What the exercise asks: Find every line below where the string "continued" shows up, and copy those lines.
══════════════════════════════
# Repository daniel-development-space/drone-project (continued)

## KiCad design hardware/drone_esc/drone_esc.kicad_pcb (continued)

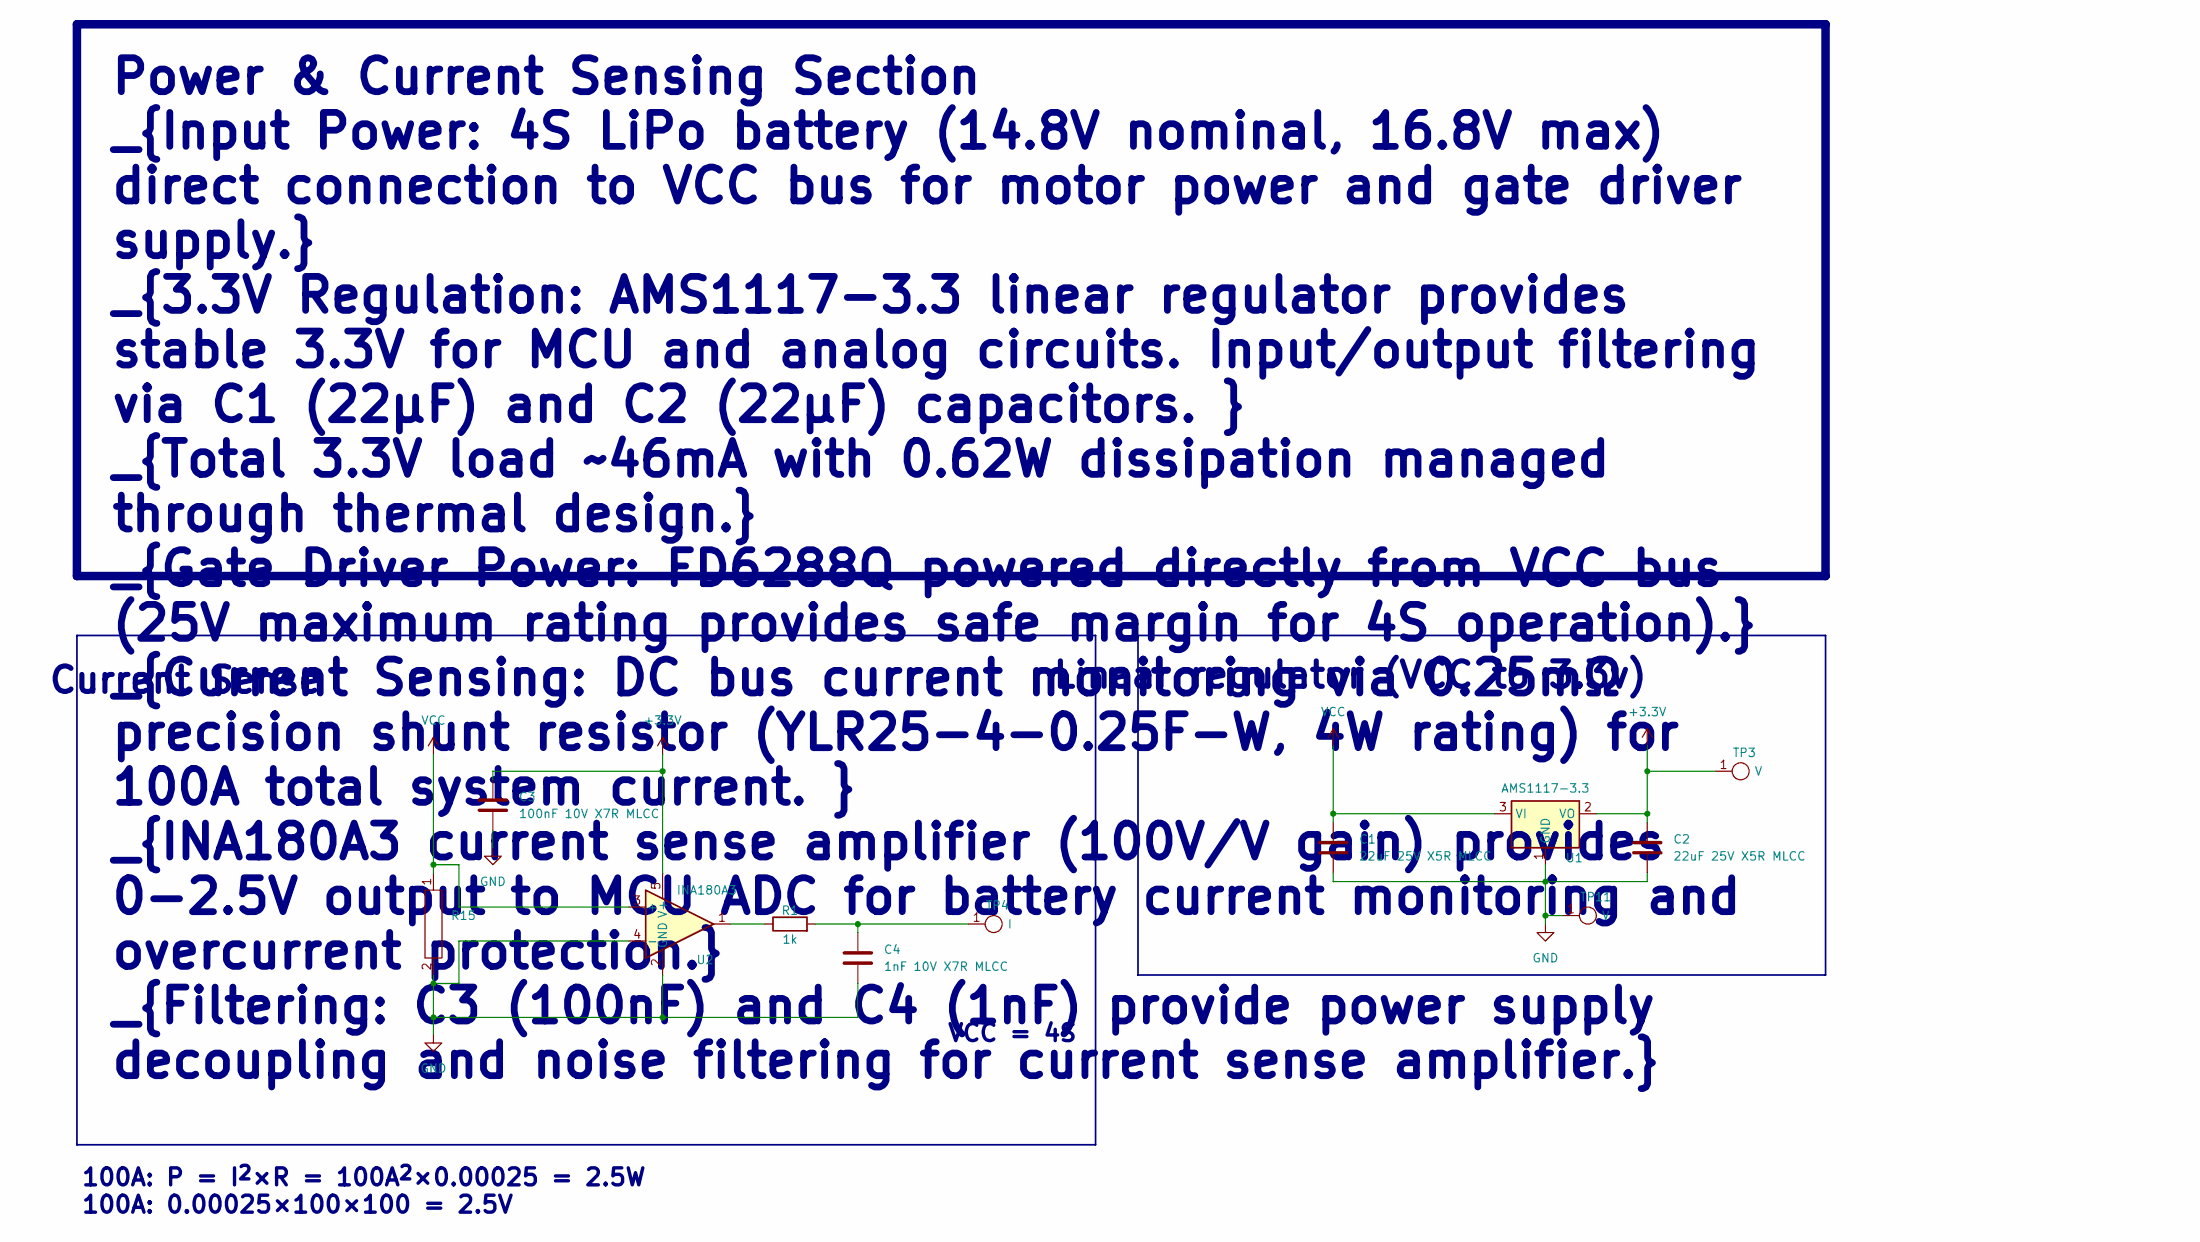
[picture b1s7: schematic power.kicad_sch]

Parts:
C1, C2: 22uF 25V X5R MLCC; C_0805_2012Metric; JLCPCB part C45783
C3: 100nF 10V X7R MLCC; C_0402_1005Metric; JLCPCB part C307331
C4: 1nF 10V X7R MLCC; C_0402_1005Metric; JLCPCB part C1523
R1: 1k; R_0402_1005Metric; JLCPCB part C11702
R15: YLR25-4-0.25F-W
TP3, TP11: V; Rectangle test point
TP4: I; Rectangle test point
U1: AMS1117-3.3; SOT-223-3_TabPin2; JLCPCB part C2688239
U2: INA180A3; SOT-23-5; JLCPCB part C122882

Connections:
+3.3V: C2.1, C3.1, TP3.1, U1.2 (VO), U2.5 (V+); also elsewhere on the board
GND: C1.2, C2.2, C3.2, C4.2, R15.2, TP11.1, U1.1 (GND), U2.2 (GND), U2.4 (-); also elsewhere on the board
unnamed: C4.1, R1.2, TP4.1
unnamed: R1.1, U2.1
VCC: C1.1, R15.1, U1.3 (VI), U2.3 (+); also elsewhere on the board

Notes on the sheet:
Linear regulator (VCC to 3.3v)
VCC = 4S
Current Sense
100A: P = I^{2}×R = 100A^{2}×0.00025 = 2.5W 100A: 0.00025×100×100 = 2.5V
══════════════════════════════
Output of the exercise:
# Repository daniel-development-space/drone-project (continued)
## KiCad design hardware/drone_esc/drone_esc.kicad_pcb (continued)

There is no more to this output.